Menuju konten utama

Bupati Madina Tak Semestinya Mundur Meski Jokowi Kalah di Daerahnya

Bupati dipilih rakyat lewat pemilu. Maka jika Jokowi kalah di daerahnya, dia tak mesti mundur meski misal diusung partai pendukung Jokowi.

Bupati Madina Tak Semestinya Mundur Meski Jokowi Kalah di Daerahnya
Calon Presiden nomor urut 01 Joko Widodo, didampingi Cawapres Ma'ruf Amin dan Ketua Umum partai koalisi, memberikan keterangan kepada media di Djakarta Theater terkait Pemilu 2019, Rabu (17/4/2019). tirto.id/Andrey Gromico

tirto.id - Hasil pemilihan presiden kemarin ternyata menghantui sejumlah kepala daerah dari partai pendukung Joko Widodo-Ma'ruf Amin. Bupati Mandailing Natal (Madina), Sumatera Utara, Dahlan Hasan Nasution contohnya. Dia memutuskan mundur setelah paslon nomor urut 01 itu kalah di daerahnya.

Keputusan ini disayangkan beberapa pihak. Menteri Dalam Negeri Tjahjo Kumolo mengatakan bahwa pengunduran ini janggal.

Bupati itu dipilih masyarakat dengan cara demokratis (pemilu), bukan ditunjuk presiden. Memilih mundur karena Jokowi kalah, dengan begitu, mencederai kepercayaan yang diberikan para pemilih.

"Alasan mundur ini sangat tidak lazim, akan mencederai masyarakat yang telah memilih yang bersangkutan secara langsung," kata Tjahjo, kemarin (21/4/2019).

Hal serupa disampaikan Direktur Konstitusi dan Demokrasi (KoDe) Inisiatif, Veri Junaidi. Veri menegaskan kalau kewajiban mereka adalah kepada masyarakat, bukan capres yang didukung oleh partai.

Jika memang merasa bersalah, seharusnya dia mundur saja sebagai kader atau pengurus partai, bukan kepala daerah. Dahlan adalah Ketua Dewan Pertimbangan Nasdem Kabupaten Madina. Sementara Nasdem, kita tahu, adalah partai pendukung Jokowi.

"Tugas mereka adalah bagaimana memberikan pelayanan kepada publik," kata Veri kepada reporter Tirto, Senin (22/4/2019).

Veri menilai langkah Dahlan sangat reaktif dan berlebihan. Kepala daerah patut mengundurkan diri jika terbukti melakukan tindak pidana atau membuat kebijakan yang tidak menguntungkan masyarakat.

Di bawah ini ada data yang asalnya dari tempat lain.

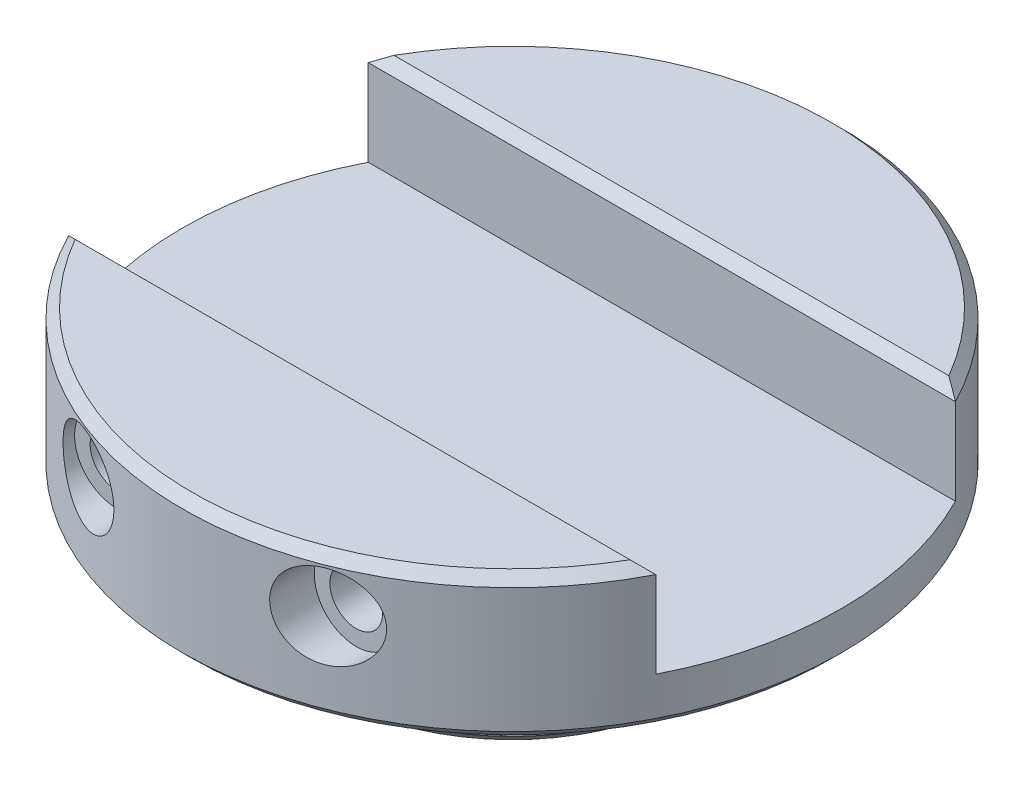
ISO-10303-21;
HEADER;
FILE_DESCRIPTION(('STEP AP214'),'2;1');
FILE_NAME('part.step','',(''),(''),'','','');
FILE_SCHEMA(('AUTOMOTIVE_DESIGN { 1 0 10303 214 1 1 1 1 }'));
ENDSEC;
DATA;
#1=APPLICATION_CONTEXT('core data for automotive mechanical design processes');
#2=APPLICATION_PROTOCOL_DEFINITION('international standard','automotive_design',2000,#1);
#3=PRODUCT_CONTEXT('',#1,'mechanical');
#4=PRODUCT('Part','Part','',(#3));
#5=PRODUCT_RELATED_PRODUCT_CATEGORY('part','',(#4));
#6=PRODUCT_DEFINITION_FORMATION('','',#4);
#7=PRODUCT_DEFINITION_CONTEXT('part definition',#1,'design');
#8=PRODUCT_DEFINITION('design','',#6,#7);
#9=PRODUCT_DEFINITION_SHAPE('','',#8);
#10=(LENGTH_UNIT() NAMED_UNIT(*) SI_UNIT(.MILLI.,.METRE.));
#11=(NAMED_UNIT(*) PLANE_ANGLE_UNIT() SI_UNIT($,.RADIAN.));
#12=(NAMED_UNIT(*) SI_UNIT($,.STERADIAN.) SOLID_ANGLE_UNIT());
#13=UNCERTAINTY_MEASURE_WITH_UNIT(LENGTH_MEASURE(1.E-05),#10,'distance_accuracy_value','');
#14=(GEOMETRIC_REPRESENTATION_CONTEXT(3) GLOBAL_UNCERTAINTY_ASSIGNED_CONTEXT((#13)) GLOBAL_UNIT_ASSIGNED_CONTEXT((#10,
#11,#12)) REPRESENTATION_CONTEXT('',''));
#15=CARTESIAN_POINT('',(0.,0.,0.));
#16=DIRECTION('',(0.,0.,1.));
#17=DIRECTION('',(1.,0.,0.));
#18=AXIS2_PLACEMENT_3D('',#15,#16,#17);
#19=CARTESIAN_POINT('',(0.,19.05,0.));
#20=DIRECTION('',(0.,-1.,0.));
#21=DIRECTION('',(0.,0.,-1.));
#22=AXIS2_PLACEMENT_3D('',#19,#20,#21);
#23=CYLINDRICAL_SURFACE('',#22,43.65625);
#24=CARTESIAN_POINT('',(0.,1.27,0.));
#25=DIRECTION('',(0.,1.,0.));
#26=DIRECTION('',(0.,0.,1.));
#27=AXIS2_PLACEMENT_3D('',#24,#25,#26);
#28=CIRCLE('',#27,43.65625);
#29=CARTESIAN_POINT('',(0.,1.27,43.65625));
#30=VERTEX_POINT('',#29);
#31=EDGE_CURVE('E179',#30,#30,#28,.T.);
#32=ORIENTED_EDGE('',*,*,#31,.T.);
#33=EDGE_LOOP('',(#32));
#34=FACE_BOUND('',#33,.T.);
#35=CARTESIAN_POINT('',(-21.43125,11.90625,38.0337966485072));
#36=CARTESIAN_POINT('',(-21.4312518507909,11.7636928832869,38.033795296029));
#37=CARTESIAN_POINT('',(-21.4257588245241,11.6211568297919,38.0368922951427));
#38=CARTESIAN_POINT('',(-21.4038621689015,11.3371447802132,38.0492182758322));
#39=CARTESIAN_POINT('',(-21.3874555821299,11.1956690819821,38.0584489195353));
#40=CARTESIAN_POINT('',(-21.3439232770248,10.9147807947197,38.0828796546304));
#41=CARTESIAN_POINT('',(-21.3167883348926,10.7753700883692,38.0980848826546));
#42=CARTESIAN_POINT('',(-21.2521303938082,10.4996796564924,38.1341905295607));
#43=CARTESIAN_POINT('',(-21.2146032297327,10.3634012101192,38.1550932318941));
#44=CARTESIAN_POINT('',(-21.1297773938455,10.0954804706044,38.2021335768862));
#45=CARTESIAN_POINT('',(-21.0825193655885,9.96382147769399,38.2282494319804));
#46=CARTESIAN_POINT('',(-20.9786502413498,9.70531785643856,38.2853484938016));
#47=CARTESIAN_POINT('',(-20.9220356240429,9.57847506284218,38.3163335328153));
#48=CARTESIAN_POINT('',(-20.7390167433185,9.20633723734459,38.4158903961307));
#49=CARTESIAN_POINT('',(-20.5993540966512,8.9691730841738,38.4911107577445));
#50=CARTESIAN_POINT('',(-20.2802771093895,8.50788930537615,38.6602243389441));
#51=CARTESIAN_POINT('',(-20.0989873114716,8.28539380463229,38.7549642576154));
#52=CARTESIAN_POINT('',(-19.7074644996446,7.87326791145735,38.9555179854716));
#53=CARTESIAN_POINT('',(-19.4972194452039,7.68365126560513,39.0613363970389));
#54=CARTESIAN_POINT('',(-19.0264146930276,7.3193846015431,39.2930069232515));
#55=CARTESIAN_POINT('',(-18.7628448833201,7.14919102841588,39.4197453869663));
#56=CARTESIAN_POINT('',(-18.2122138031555,6.85584151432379,39.6771426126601));
#57=CARTESIAN_POINT('',(-17.9251416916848,6.73270743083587,39.8078031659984));
#58=CARTESIAN_POINT('',(-17.4710137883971,6.58151890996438,40.0082770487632));
#59=CARTESIAN_POINT('',(-17.3097282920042,6.53581271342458,40.0783361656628));
#60=CARTESIAN_POINT('',(-16.9833992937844,6.45910168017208,40.2177039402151));
#61=CARTESIAN_POINT('',(-16.8183570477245,6.42809200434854,40.2870128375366));
#62=CARTESIAN_POINT('',(-16.4855335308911,6.38108666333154,40.4243465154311));
#63=CARTESIAN_POINT('',(-16.317750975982,6.36509825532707,40.4923706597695));
#64=CARTESIAN_POINT('',(-15.9807570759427,6.34844705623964,40.6265484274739));
#65=CARTESIAN_POINT('',(-15.8115463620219,6.34777781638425,40.6927028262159));
#66=CARTESIAN_POINT('',(-15.4728696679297,6.36197982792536,40.8226820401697));
#67=CARTESIAN_POINT('',(-15.3034036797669,6.37685157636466,40.8865067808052));
#68=CARTESIAN_POINT('',(-14.9656145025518,6.42227704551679,41.0113515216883));
#69=CARTESIAN_POINT('',(-14.7972908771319,6.45282439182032,41.0723726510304));
#70=CARTESIAN_POINT('',(-14.4631231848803,6.52964245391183,41.1912330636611));
#71=CARTESIAN_POINT('',(-14.2972790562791,6.57591277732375,41.2490724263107));
#72=CARTESIAN_POINT('',(-13.9695418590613,6.68409369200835,41.3612144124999));
#73=CARTESIAN_POINT('',(-13.8076485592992,6.74600336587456,41.415517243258));
#74=CARTESIAN_POINT('',(-13.4979467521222,6.8814580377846,41.517450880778));
#75=CARTESIAN_POINT('',(-13.349850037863,6.95419263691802,41.5652836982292));
#76=CARTESIAN_POINT('',(-13.0598672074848,7.11310154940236,41.6573063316));
#77=CARTESIAN_POINT('',(-12.9179806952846,7.19927500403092,41.7014963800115));
#78=CARTESIAN_POINT('',(-12.6417634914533,7.3845528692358,41.7860603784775));
#79=CARTESIAN_POINT('',(-12.5074308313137,7.48365388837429,41.8264353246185));
#80=CARTESIAN_POINT('',(-12.2475758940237,7.69416456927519,41.9032625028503));
#81=CARTESIAN_POINT('',(-12.1220532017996,7.80557365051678,41.9397149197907));
#82=CARTESIAN_POINT('',(-11.8882614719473,8.03290430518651,42.0065625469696));
#83=CARTESIAN_POINT('',(-11.7794097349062,8.14815917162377,42.0371894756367));
#84=CARTESIAN_POINT('',(-11.571570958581,8.38806905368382,42.0948754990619));
#85=CARTESIAN_POINT('',(-11.4725833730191,8.51272354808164,42.121934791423));
#86=CARTESIAN_POINT('',(-11.2853876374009,8.77052910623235,42.1724743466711));
#87=CARTESIAN_POINT('',(-11.197177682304,8.90367874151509,42.1959552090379));
#88=CARTESIAN_POINT('',(-11.03233171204,9.17751120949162,42.2393547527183));
#89=CARTESIAN_POINT('',(-10.9556954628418,9.31819388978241,42.2592735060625));
#90=CARTESIAN_POINT('',(-10.8174160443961,9.60049472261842,42.2948764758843));
#91=CARTESIAN_POINT('',(-10.7553103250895,9.74186973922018,42.3106938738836));
#92=CARTESIAN_POINT('',(-10.6429742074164,10.029634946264,42.339090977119));
#93=CARTESIAN_POINT('',(-10.5927478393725,10.1760268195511,42.3516695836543));
#94=CARTESIAN_POINT('',(-10.5046538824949,10.4726454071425,42.373605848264));
#95=CARTESIAN_POINT('',(-10.4667806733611,10.6228703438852,42.3829649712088));
#96=CARTESIAN_POINT('',(-10.4036778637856,10.9261734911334,42.3984989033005));
#97=CARTESIAN_POINT('',(-10.3784528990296,11.0792527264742,42.4046725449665));
#98=CARTESIAN_POINT('',(-10.3412137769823,11.3843920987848,42.413769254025));
#99=CARTESIAN_POINT('',(-10.328976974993,11.5364234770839,42.4167471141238));
#100=CARTESIAN_POINT('',(-10.3170408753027,11.8410631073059,42.4196519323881));
#101=CARTESIAN_POINT('',(-10.3173461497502,11.9936715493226,42.4195777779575));
#102=CARTESIAN_POINT('',(-10.3305004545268,12.2982512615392,42.4163761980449));
#103=CARTESIAN_POINT('',(-10.343344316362,12.4502227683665,42.4132500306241));
#104=CARTESIAN_POINT('',(-10.3814677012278,12.7525600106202,42.4039346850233));
#105=CARTESIAN_POINT('',(-10.4067518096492,12.9029251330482,42.397744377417));
#106=CARTESIAN_POINT('',(-10.4694081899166,13.2002647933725,42.3823157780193));
#107=CARTESIAN_POINT('',(-10.5067269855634,13.3472513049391,42.3730909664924));
#108=CARTESIAN_POINT('',(-10.5931893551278,13.6375308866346,42.3515582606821));
#109=CARTESIAN_POINT('',(-10.6423372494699,13.7808225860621,42.3392492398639));
#110=CARTESIAN_POINT('',(-10.7520222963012,14.0626037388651,42.3115276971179));
#111=CARTESIAN_POINT('',(-10.812555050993,14.201095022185,42.2961163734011));
#112=CARTESIAN_POINT('',(-10.94454299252,14.4724302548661,42.2621554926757));
#113=CARTESIAN_POINT('',(-11.0160022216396,14.6052720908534,42.2436047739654));
#114=CARTESIAN_POINT('',(-11.1696637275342,14.8650694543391,42.2032357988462));
#115=CARTESIAN_POINT('',(-11.2519221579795,14.9919891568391,42.1814003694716));
#116=CARTESIAN_POINT('',(-11.4261914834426,15.2383402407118,42.1345282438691));
#117=CARTESIAN_POINT('',(-11.5182059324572,15.3577688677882,42.1094903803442));
#118=CARTESIAN_POINT('',(-11.8077302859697,15.7035346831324,42.0295805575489));
#119=CARTESIAN_POINT('',(-12.0188774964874,15.9176145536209,41.9698720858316));
#120=CARTESIAN_POINT('',(-12.4747181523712,16.3110775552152,41.8366696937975));
#121=CARTESIAN_POINT('',(-12.7199743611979,16.4897214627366,41.7629346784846));
#122=CARTESIAN_POINT('',(-13.233232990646,16.8035407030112,41.6031476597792));
#123=CARTESIAN_POINT('',(-13.5012387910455,16.9387095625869,41.5170938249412));
#124=CARTESIAN_POINT('',(-14.0627467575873,17.167724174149,41.3303531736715));
#125=CARTESIAN_POINT('',(-14.3568334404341,17.2597769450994,41.2292302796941));
#126=CARTESIAN_POINT('',(-14.9526384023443,17.3939166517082,41.0169095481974));
#127=CARTESIAN_POINT('',(-15.2543586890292,17.4359903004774,40.9057090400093));
#128=CARTESIAN_POINT('',(-15.8749257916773,17.4716737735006,40.669045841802));
#129=CARTESIAN_POINT('',(-16.1937667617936,17.4623790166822,40.5431313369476));
#130=CARTESIAN_POINT('',(-16.823169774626,17.3901630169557,40.2860376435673));
#131=CARTESIAN_POINT('',(-17.1337291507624,17.3272247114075,40.1548567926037));
#132=CARTESIAN_POINT('',(-17.7559901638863,17.1450187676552,39.8837618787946));
#133=CARTESIAN_POINT('',(-18.0667982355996,17.0228181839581,39.7437672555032));
#134=CARTESIAN_POINT('',(-18.6631081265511,16.7238747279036,39.4672587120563));
#135=CARTESIAN_POINT('',(-18.9486024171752,16.5471156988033,39.3307458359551));
#136=CARTESIAN_POINT('',(-19.3528150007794,16.2428011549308,39.1325925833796));
#137=CARTESIAN_POINT('',(-19.4842430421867,16.1340819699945,39.0672827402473));
#138=CARTESIAN_POINT('',(-19.7373868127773,15.904134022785,38.940001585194));
#139=CARTESIAN_POINT('',(-19.8591067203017,15.7829106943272,38.8780288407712));
#140=CARTESIAN_POINT('',(-20.0917340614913,15.5285136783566,38.7583220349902));
#141=CARTESIAN_POINT('',(-20.2026387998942,15.3953370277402,38.7005890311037));
#142=CARTESIAN_POINT('',(-20.4124114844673,15.1178002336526,38.5903570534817));
#143=CARTESIAN_POINT('',(-20.5112809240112,14.9734414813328,38.5378574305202));
#144=CARTESIAN_POINT('',(-20.6890486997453,14.6853470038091,38.4426956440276));
#145=CARTESIAN_POINT('',(-20.768876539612,14.54232953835,38.3995957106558));
#146=CARTESIAN_POINT('',(-20.9161482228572,14.2484170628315,38.3195763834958));
#147=CARTESIAN_POINT('',(-20.9835942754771,14.0975234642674,38.2826558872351));
#148=CARTESIAN_POINT('',(-21.1050475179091,13.7893037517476,38.2158335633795));
#149=CARTESIAN_POINT('',(-21.1590835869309,13.6319923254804,38.1859166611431));
#150=CARTESIAN_POINT('',(-21.2530473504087,13.3120600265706,38.1336994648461));
#151=CARTESIAN_POINT('',(-21.292982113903,13.1494418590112,38.1113953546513));
#152=CARTESIAN_POINT('',(-21.3605288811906,12.8081126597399,38.0735812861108));
#153=CARTESIAN_POINT('',(-21.3870028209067,12.6291045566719,38.0587003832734));
#154=CARTESIAN_POINT('',(-21.4223618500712,12.2688028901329,38.0388091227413));
#155=CARTESIAN_POINT('',(-21.4312476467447,12.0875094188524,38.0337983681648));
#156=CARTESIAN_POINT('',(-21.43125,11.90625,38.0337966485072));
#157=B_SPLINE_CURVE_WITH_KNOTS('',3,(#35,#36,#37,#38,#39,#40,#41,#42,#43,#44,#45,#46,#47,#48,
#49,#50,#51,#52,#53,#54,#55,#56,#57,#58,#59,#60,#61,#62,#63,#64,#65,#66,#67,#68,#69,#70,#71,#72,
#73,#74,#75,#76,#77,#78,#79,#80,#81,#82,#83,#84,#85,#86,#87,#88,#89,#90,#91,#92,#93,#94,#95,#96,
#97,#98,#99,#100,#101,#102,#103,#104,#105,#106,#107,#108,#109,#110,#111,#112,#113,#114,#115,
#116,#117,#118,#119,#120,#121,#122,#123,#124,#125,#126,#127,#128,#129,#130,#131,#132,#133,#134,
#135,#136,#137,#138,#139,#140,#141,#142,#143,#144,#145,#146,#147,#148,#149,#150,#151,#152,#153,
#154,#155,#156),.UNSPECIFIED.,.T.,.F.,(4,2,2,2,2,2,2,2,2,2,2,2,2,2,2,2,2,2,2,2,2,2,2,2,2,2,2,2,
2,2,2,2,2,2,2,2,2,2,2,2,2,2,2,2,2,2,2,2,2,2,2,2,2,2,2,2,2,2,2,2,4),(0.,0.427496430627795,
0.855108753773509,1.28308952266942,1.71124207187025,2.13764133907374,2.56420144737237,
3.41650109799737,4.31968493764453,5.2232454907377,6.2341831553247,7.24558979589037,
7.79011673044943,8.33446424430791,8.87907461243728,9.42345571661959,9.967854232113,
10.5120315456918,11.0561952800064,11.6003271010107,12.1150294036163,12.6296988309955,
13.144233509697,13.6587439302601,14.1425311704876,14.62629160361,15.1099709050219,
15.5936404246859,16.0587465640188,16.5240102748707,16.9890620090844,17.4542840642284,
17.9113956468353,18.3686738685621,18.8257636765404,19.2830220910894,19.738276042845,
20.1936965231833,20.6489414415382,21.1043551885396,21.562238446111,22.0202890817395,
22.9354765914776,23.8681103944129,24.8008829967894,25.7695977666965,26.7385700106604,
27.7628727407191,28.7875013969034,29.8690080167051,30.9508352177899,31.4981768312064,
32.0452815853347,32.5925223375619,33.1396951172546,33.6470729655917,34.1543601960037,
34.6605452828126,35.1664762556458,35.7100539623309,36.2536098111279),.UNSPECIFIED.);
#158=CARTESIAN_POINT('',(-21.43125,11.90625,38.0337966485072));
#159=VERTEX_POINT('',#158);
#160=EDGE_CURVE('E114',#159,#159,#157,.T.);
#161=ORIENTED_EDGE('',*,*,#160,.F.);
#162=EDGE_LOOP('',(#161));
#163=FACE_BOUND('',#162,.T.);
#164=DIRECTION('',(0.,-1.,0.));
#165=VECTOR('',#164,1.);
#166=CARTESIAN_POINT('',(-38.8856496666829,19.05,-19.84375));
#167=LINE('',#166,#165);
#168=CARTESIAN_POINT('',(-38.885649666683,6.35,-19.84375));
#169=VERTEX_POINT('',#168);
#170=CARTESIAN_POINT('',(-38.8856496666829,17.78,-19.84375));
#171=VERTEX_POINT('',#170);
#172=EDGE_CURVE('E89',#169,#171,#167,.F.);
#173=ORIENTED_EDGE('',*,*,#172,.T.);
#174=CARTESIAN_POINT('',(0.,17.78,0.));
#175=DIRECTION('',(0.,1.,0.));
#176=DIRECTION('',(0.,0.,1.));
#177=AXIS2_PLACEMENT_3D('',#174,#175,#176);
#178=CIRCLE('',#177,43.65625);
#179=CARTESIAN_POINT('',(38.8856496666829,17.78,-19.84375));
#180=VERTEX_POINT('',#179);
#181=EDGE_CURVE('E184',#171,#180,#178,.F.);
#182=ORIENTED_EDGE('',*,*,#181,.T.);
#183=DIRECTION('',(0.,-1.,0.));
#184=VECTOR('',#183,1.);
#185=CARTESIAN_POINT('',(38.8856496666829,19.05,-19.84375));
#186=LINE('',#185,#184);
#187=CARTESIAN_POINT('',(38.885649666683,6.35,-19.84375));
#188=VERTEX_POINT('',#187);
#189=EDGE_CURVE('E108',#180,#188,#186,.T.);
#190=ORIENTED_EDGE('',*,*,#189,.T.);
#191=CARTESIAN_POINT('',(0.,6.35,0.));
#192=DIRECTION('',(0.,1.,0.));
#193=DIRECTION('',(0.,0.,1.));
#194=AXIS2_PLACEMENT_3D('',#191,#192,#193);
#195=CIRCLE('',#194,43.65625);
#196=CARTESIAN_POINT('',(38.885649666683,6.35,19.84375));
#197=VERTEX_POINT('',#196);
#198=EDGE_CURVE('E99',#197,#188,#195,.T.);
#199=ORIENTED_EDGE('',*,*,#198,.F.);
#200=DIRECTION('',(0.,-1.,0.));
#201=VECTOR('',#200,1.);
#202=CARTESIAN_POINT('',(38.8856496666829,19.05,19.84375));
#203=LINE('',#202,#201);
#204=CARTESIAN_POINT('',(38.8856496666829,17.78,19.84375));
#205=VERTEX_POINT('',#204);
#206=EDGE_CURVE('E121',#197,#205,#203,.F.);
#207=ORIENTED_EDGE('',*,*,#206,.T.);
#208=CARTESIAN_POINT('',(0.,17.78,0.));
#209=DIRECTION('',(0.,1.,0.));
#210=DIRECTION('',(0.,0.,1.));
#211=AXIS2_PLACEMENT_3D('',#208,#209,#210);
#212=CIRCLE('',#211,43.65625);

"Itu baru alasan kuat untuk mundur," tegas Veri.

Bagi Veri, mundurnya Dahlan justru menunjukkan bahwa ia tak netral sebagai kepala daerah.

"Ini justru menyalahi posisinya sebagai kepala daerah yang harus netral sejak awal," ucapnya lagi.

Jadi apa alasan sebenarnya Dahlan mundur? Dalam suratnya, ia mengatakan bahwa Jokowi telah berbuat banyak untuk Mandailing Natal, tapi ternyata itu tak membikin mayoritas masyarakat memilihnya lagi. Ia memilih mundur karena merasa kemenangan Jokowi adalah tanggung jawabnya.

Dalam surat bernomor 019.6/1214/TUPIM/2019 itu ia juga memohon maaf kepada Jokowi "atas ketidaknyamanan ini."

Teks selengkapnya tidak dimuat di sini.